_Work to be completed_.
Of all the lines in the entries below, give again exactly those starting at the line containing "xd : Outport" and ending at the line containing "ey : Inport", both ends included, and no others.

Stored data entries
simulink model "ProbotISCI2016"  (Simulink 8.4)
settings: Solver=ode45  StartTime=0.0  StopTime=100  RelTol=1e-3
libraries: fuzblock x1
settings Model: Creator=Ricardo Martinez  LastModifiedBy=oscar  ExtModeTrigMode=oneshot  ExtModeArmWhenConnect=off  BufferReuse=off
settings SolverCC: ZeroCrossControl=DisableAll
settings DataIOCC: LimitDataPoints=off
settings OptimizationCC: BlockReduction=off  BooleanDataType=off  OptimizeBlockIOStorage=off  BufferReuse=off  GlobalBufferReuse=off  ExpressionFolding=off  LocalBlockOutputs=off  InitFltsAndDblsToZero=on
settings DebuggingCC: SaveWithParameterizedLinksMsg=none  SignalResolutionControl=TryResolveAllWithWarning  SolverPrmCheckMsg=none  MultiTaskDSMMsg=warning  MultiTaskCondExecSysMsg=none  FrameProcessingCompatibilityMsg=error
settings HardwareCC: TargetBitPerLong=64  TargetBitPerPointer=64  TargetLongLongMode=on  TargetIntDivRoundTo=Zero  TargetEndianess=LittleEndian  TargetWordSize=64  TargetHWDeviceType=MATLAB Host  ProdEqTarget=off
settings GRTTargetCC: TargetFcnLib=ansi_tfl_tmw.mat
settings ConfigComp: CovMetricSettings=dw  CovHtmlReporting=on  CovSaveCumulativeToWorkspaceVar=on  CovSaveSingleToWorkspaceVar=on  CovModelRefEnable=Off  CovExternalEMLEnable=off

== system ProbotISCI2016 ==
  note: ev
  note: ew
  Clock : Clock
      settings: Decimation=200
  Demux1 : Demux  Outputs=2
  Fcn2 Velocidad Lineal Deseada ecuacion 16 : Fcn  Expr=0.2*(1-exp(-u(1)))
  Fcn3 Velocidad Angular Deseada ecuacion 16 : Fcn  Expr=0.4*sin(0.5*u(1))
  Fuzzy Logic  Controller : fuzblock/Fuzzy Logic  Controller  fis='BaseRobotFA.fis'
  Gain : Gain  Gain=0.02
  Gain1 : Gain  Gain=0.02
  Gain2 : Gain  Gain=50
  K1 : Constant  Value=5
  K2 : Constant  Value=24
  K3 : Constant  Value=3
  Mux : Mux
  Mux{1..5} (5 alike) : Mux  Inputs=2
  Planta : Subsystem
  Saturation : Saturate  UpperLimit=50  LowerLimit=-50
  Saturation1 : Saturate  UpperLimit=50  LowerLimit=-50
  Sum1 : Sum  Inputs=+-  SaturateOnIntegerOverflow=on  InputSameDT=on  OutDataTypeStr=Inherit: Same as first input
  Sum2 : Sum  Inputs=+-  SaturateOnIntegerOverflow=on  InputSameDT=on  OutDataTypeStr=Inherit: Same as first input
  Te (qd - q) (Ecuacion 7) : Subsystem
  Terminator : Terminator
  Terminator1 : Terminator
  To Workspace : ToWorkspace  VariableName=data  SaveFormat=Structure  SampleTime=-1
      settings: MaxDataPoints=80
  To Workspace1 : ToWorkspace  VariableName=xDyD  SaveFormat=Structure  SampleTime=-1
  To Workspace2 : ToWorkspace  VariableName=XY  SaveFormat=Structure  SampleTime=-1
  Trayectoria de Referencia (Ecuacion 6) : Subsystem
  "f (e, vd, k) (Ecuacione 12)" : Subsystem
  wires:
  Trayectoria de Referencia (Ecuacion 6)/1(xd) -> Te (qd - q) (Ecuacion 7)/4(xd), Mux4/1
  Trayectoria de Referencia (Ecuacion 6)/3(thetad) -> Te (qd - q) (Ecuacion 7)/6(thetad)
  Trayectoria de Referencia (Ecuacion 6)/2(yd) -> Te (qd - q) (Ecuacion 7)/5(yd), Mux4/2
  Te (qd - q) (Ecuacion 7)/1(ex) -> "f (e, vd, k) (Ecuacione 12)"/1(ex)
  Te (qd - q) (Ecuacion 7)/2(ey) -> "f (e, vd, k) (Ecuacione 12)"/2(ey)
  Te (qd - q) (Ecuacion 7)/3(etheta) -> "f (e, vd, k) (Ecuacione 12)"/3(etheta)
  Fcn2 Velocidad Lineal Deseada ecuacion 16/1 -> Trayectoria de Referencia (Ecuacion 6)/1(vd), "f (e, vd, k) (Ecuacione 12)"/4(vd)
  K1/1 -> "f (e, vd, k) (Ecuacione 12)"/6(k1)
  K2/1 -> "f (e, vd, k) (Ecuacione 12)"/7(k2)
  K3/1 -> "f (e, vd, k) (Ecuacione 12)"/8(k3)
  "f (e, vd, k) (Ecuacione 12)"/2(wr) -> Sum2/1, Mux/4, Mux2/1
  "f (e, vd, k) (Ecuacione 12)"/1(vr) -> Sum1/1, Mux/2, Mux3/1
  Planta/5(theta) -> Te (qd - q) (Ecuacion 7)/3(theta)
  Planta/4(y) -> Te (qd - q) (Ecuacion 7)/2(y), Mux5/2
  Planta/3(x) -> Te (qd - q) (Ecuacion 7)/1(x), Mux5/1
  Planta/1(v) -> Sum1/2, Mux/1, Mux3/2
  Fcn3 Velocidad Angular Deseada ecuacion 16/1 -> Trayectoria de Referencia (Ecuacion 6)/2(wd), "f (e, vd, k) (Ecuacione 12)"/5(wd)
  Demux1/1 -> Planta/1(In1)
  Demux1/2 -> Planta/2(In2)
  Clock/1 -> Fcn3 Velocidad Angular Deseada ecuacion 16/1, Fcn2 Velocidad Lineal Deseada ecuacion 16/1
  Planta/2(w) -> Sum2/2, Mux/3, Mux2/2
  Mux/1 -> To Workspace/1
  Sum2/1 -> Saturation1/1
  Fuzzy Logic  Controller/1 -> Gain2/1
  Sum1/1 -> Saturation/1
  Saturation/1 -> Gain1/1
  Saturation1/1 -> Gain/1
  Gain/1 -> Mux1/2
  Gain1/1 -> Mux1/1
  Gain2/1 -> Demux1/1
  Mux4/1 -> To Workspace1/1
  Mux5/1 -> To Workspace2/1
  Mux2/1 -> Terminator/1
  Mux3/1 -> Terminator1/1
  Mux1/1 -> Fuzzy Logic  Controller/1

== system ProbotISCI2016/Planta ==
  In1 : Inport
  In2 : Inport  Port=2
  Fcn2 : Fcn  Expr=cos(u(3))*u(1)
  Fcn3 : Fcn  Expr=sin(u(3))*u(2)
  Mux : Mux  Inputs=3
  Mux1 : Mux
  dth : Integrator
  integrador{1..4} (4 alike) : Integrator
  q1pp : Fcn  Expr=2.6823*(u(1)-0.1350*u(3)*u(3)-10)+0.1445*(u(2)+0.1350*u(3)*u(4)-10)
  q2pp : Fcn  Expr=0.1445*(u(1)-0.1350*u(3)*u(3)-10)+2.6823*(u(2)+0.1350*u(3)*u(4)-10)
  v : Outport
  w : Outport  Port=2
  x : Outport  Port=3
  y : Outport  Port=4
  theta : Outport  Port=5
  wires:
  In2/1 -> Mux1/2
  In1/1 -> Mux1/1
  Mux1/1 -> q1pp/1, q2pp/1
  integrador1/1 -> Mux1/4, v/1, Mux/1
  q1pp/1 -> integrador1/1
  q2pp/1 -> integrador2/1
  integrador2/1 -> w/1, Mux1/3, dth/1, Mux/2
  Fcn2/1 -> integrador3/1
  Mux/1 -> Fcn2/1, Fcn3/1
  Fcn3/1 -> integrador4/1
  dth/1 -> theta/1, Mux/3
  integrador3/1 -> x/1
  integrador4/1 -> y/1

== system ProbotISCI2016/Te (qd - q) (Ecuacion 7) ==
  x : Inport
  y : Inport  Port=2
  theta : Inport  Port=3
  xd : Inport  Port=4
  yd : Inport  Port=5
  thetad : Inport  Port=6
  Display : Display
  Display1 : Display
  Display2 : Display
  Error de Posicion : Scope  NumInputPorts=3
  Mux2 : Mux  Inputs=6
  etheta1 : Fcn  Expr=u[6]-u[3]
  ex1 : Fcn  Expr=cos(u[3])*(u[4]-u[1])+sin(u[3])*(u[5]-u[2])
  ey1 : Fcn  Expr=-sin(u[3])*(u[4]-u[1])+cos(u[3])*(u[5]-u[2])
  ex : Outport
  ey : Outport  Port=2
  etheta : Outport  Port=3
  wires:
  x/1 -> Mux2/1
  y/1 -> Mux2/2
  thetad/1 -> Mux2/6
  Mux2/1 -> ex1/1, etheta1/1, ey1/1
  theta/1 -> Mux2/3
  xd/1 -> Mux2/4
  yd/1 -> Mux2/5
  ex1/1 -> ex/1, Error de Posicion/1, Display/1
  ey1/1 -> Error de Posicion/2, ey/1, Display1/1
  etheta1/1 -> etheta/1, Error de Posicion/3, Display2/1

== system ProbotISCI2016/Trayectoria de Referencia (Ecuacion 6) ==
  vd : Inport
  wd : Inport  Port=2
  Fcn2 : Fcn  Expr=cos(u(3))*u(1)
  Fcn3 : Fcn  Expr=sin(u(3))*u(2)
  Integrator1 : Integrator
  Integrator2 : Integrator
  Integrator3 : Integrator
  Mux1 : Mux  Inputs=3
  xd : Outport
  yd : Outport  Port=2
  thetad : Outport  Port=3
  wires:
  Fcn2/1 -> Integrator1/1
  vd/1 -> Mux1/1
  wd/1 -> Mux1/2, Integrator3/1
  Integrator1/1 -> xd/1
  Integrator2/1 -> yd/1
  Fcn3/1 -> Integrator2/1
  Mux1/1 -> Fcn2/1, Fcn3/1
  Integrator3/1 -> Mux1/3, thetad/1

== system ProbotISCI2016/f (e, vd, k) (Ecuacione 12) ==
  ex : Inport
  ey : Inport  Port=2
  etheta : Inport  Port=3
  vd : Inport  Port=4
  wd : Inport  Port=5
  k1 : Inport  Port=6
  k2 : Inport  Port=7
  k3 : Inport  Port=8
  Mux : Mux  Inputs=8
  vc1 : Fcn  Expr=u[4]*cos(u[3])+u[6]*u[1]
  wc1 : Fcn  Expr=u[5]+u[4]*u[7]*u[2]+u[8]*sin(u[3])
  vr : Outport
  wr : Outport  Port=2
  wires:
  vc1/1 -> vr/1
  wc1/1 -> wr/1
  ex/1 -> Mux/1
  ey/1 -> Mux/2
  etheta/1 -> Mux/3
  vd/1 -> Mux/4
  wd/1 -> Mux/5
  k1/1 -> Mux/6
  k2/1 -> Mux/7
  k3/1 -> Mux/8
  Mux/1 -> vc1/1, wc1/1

_Reply to the exercise_.
  xd : Outport
  yd : Outport  Port=2
  thetad : Outport  Port=3
  wires:
  Fcn2/1 -> Integrator1/1
  vd/1 -> Mux1/1
  wd/1 -> Mux1/2, Integrator3/1
  Integrator1/1 -> xd/1
  Integrator2/1 -> yd/1
  Fcn3/1 -> Integrator2/1
  Mux1/1 -> Fcn2/1, Fcn3/1
  Integrator3/1 -> Mux1/3, thetad/1

== system ProbotISCI2016/f (e, vd, k) (Ecuacione 12) ==
  ex : Inport
  ey : Inport  Port=2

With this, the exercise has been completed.